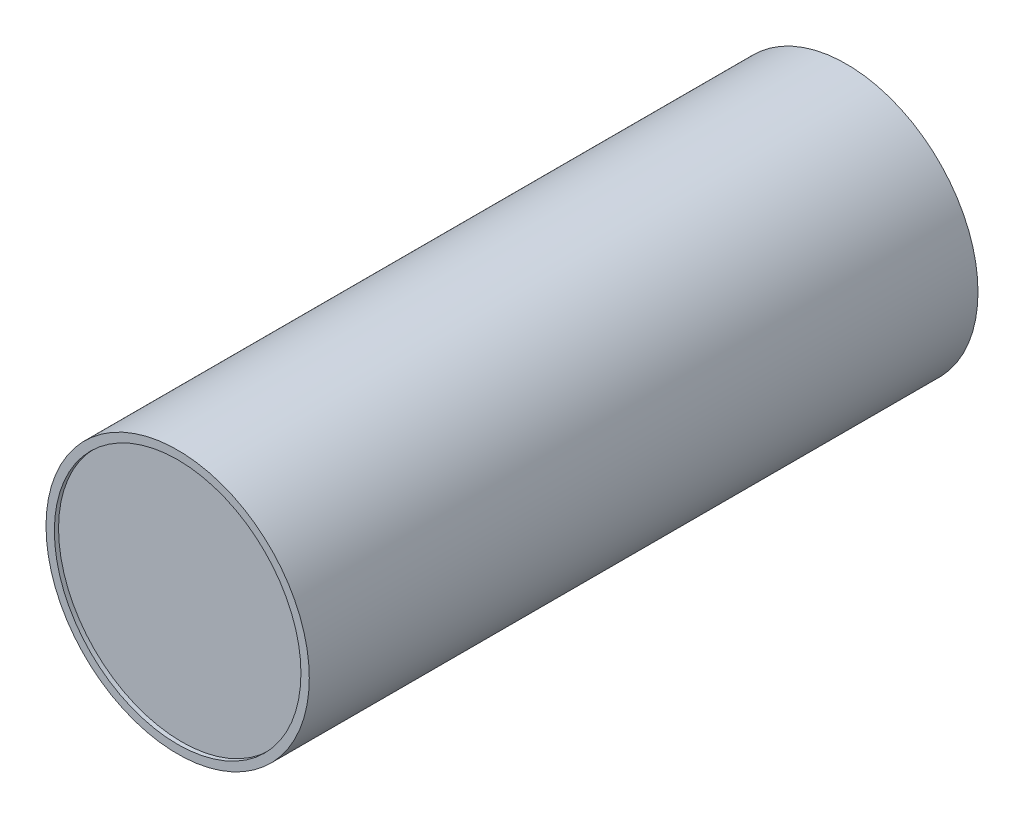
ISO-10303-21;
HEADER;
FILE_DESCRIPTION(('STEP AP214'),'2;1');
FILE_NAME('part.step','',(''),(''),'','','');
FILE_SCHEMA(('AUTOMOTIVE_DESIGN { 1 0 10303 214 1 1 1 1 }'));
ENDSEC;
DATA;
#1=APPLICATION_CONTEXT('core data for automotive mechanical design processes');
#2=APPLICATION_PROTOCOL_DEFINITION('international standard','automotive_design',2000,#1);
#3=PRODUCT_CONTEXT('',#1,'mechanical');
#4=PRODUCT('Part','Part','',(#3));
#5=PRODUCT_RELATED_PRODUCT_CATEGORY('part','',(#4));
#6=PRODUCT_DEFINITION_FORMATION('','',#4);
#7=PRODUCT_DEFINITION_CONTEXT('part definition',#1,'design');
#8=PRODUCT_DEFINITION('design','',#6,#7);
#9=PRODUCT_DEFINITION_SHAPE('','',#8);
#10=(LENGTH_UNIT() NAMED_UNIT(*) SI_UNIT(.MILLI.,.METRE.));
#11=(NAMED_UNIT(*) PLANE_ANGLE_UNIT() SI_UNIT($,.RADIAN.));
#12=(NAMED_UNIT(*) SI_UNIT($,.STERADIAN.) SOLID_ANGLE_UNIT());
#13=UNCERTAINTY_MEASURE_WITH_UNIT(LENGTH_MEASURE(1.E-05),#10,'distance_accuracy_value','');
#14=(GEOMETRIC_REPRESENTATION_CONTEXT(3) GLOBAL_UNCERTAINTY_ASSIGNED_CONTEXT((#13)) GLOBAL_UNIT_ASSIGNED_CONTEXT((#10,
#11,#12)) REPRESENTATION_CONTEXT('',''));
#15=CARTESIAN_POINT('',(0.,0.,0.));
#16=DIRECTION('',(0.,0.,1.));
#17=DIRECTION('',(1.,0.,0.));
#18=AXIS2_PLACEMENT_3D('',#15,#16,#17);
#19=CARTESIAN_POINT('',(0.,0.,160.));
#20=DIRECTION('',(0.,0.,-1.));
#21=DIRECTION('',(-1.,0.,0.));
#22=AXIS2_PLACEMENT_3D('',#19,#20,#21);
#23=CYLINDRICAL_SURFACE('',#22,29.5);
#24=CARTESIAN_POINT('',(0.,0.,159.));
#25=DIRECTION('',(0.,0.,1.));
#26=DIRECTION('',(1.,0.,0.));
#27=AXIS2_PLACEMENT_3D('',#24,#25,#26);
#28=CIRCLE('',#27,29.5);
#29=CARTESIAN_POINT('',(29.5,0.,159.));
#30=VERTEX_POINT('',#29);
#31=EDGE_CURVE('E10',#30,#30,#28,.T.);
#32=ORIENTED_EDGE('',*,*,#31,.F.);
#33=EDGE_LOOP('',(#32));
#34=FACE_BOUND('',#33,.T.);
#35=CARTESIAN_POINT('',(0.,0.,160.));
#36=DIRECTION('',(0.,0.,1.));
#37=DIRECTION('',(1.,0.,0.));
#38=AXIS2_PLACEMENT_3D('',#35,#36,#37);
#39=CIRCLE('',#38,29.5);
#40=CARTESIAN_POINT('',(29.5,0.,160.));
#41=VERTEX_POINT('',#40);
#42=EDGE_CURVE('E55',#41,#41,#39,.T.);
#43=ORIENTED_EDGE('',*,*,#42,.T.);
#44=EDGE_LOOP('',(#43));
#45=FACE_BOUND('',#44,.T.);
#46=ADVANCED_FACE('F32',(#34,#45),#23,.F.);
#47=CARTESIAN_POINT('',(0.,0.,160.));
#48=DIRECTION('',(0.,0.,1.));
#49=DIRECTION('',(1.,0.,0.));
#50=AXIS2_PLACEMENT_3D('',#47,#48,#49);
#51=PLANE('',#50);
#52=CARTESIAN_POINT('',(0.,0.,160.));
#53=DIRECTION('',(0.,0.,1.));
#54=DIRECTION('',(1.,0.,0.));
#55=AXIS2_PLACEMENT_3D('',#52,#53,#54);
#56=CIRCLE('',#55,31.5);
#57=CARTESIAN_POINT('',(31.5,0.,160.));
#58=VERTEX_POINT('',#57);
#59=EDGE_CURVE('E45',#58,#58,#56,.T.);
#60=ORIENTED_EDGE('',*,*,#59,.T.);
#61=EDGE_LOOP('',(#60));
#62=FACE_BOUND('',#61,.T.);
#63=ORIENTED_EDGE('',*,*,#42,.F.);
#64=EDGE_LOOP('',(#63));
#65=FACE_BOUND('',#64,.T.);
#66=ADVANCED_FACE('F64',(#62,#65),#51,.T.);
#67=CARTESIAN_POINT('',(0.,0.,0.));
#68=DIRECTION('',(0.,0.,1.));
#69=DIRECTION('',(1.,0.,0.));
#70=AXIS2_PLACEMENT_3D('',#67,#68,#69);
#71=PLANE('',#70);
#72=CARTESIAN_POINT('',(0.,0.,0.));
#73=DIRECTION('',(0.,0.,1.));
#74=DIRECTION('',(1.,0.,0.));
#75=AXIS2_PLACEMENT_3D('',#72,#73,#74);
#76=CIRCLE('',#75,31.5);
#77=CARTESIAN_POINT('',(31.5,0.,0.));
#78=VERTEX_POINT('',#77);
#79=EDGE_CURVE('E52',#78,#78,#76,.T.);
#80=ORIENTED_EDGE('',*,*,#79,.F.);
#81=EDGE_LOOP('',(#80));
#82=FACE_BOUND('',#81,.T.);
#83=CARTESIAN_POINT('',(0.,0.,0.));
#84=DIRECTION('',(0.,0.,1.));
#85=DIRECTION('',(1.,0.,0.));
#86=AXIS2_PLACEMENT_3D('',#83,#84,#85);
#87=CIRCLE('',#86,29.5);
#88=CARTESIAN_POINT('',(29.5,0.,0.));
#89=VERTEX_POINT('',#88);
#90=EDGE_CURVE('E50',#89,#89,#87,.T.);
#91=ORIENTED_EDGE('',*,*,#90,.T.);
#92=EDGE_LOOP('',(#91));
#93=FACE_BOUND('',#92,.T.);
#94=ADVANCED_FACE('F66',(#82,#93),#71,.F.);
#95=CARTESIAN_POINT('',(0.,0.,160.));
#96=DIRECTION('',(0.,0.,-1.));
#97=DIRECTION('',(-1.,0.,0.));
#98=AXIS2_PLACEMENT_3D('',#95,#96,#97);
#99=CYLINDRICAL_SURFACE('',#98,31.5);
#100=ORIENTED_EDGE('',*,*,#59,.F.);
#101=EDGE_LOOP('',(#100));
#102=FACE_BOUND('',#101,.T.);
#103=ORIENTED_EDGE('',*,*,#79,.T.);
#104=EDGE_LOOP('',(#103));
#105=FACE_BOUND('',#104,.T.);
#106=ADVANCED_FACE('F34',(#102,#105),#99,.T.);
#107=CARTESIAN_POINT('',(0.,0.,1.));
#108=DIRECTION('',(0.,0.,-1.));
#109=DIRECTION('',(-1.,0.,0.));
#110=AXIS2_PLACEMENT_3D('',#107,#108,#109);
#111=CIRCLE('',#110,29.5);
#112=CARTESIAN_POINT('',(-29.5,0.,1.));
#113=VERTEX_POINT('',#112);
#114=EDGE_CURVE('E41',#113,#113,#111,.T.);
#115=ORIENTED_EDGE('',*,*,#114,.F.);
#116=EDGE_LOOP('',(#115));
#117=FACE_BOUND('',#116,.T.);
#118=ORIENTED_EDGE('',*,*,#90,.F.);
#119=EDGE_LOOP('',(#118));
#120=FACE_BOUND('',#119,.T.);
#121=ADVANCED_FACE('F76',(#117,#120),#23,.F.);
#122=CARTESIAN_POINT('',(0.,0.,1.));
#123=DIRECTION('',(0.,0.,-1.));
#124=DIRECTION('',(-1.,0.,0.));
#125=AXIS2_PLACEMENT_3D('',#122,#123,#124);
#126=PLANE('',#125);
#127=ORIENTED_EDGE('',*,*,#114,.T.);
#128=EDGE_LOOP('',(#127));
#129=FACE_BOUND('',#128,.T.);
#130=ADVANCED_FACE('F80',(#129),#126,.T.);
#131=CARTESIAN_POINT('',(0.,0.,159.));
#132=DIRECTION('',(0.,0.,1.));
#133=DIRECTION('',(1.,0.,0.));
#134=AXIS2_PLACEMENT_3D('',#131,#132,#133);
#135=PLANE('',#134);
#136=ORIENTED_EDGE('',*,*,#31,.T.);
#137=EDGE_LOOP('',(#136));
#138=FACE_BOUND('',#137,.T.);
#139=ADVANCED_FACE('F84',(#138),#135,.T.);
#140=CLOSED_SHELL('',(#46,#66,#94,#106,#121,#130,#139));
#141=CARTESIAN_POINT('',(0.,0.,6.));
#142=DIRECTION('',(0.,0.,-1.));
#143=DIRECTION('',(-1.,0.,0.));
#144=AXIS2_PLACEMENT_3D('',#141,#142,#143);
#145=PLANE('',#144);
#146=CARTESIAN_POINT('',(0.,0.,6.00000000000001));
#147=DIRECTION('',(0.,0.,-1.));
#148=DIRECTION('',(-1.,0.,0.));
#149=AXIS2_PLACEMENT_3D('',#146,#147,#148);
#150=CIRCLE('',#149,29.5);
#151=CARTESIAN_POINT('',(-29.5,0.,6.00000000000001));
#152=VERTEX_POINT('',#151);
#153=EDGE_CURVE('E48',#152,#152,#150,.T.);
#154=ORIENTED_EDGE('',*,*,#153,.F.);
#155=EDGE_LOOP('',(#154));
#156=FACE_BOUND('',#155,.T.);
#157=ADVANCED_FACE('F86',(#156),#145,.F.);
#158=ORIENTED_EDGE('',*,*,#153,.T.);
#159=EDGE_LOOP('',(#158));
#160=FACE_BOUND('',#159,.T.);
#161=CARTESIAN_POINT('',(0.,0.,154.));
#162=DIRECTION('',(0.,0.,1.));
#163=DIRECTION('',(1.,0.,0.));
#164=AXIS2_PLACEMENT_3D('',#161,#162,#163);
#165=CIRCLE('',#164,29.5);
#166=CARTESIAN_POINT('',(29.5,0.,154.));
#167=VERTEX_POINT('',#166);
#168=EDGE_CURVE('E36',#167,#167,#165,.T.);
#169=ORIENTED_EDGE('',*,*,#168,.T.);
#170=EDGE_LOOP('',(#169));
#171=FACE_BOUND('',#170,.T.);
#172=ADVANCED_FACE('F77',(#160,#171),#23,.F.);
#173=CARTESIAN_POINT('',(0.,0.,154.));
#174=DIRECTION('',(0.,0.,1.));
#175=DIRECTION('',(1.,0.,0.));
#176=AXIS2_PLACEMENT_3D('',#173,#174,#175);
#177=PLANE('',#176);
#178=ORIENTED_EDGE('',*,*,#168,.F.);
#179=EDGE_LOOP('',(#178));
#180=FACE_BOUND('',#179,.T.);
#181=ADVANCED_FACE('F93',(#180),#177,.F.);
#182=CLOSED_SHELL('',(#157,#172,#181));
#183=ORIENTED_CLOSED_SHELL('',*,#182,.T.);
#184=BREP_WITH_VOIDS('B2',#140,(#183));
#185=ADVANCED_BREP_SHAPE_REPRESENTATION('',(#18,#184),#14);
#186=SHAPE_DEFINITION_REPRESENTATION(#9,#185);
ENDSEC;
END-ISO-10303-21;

━━━

◆ Work to complete: Exactly the lines from the top of the listing through the line with "#5=PRODUCT_RELATED_PRODUCT_CATEGORY('part','',(#4));", and no pictures, should be printed.

◆ Result below:
ISO-10303-21;
HEADER;
FILE_DESCRIPTION(('STEP AP214'),'2;1');
FILE_NAME('part.step','',(''),(''),'','','');
FILE_SCHEMA(('AUTOMOTIVE_DESIGN { 1 0 10303 214 1 1 1 1 }'));
ENDSEC;
DATA;
#1=APPLICATION_CONTEXT('core data for automotive mechanical design processes');
#2=APPLICATION_PROTOCOL_DEFINITION('international standard','automotive_design',2000,#1);
#3=PRODUCT_CONTEXT('',#1,'mechanical');
#4=PRODUCT('Part','Part','',(#3));
#5=PRODUCT_RELATED_PRODUCT_CATEGORY('part','',(#4));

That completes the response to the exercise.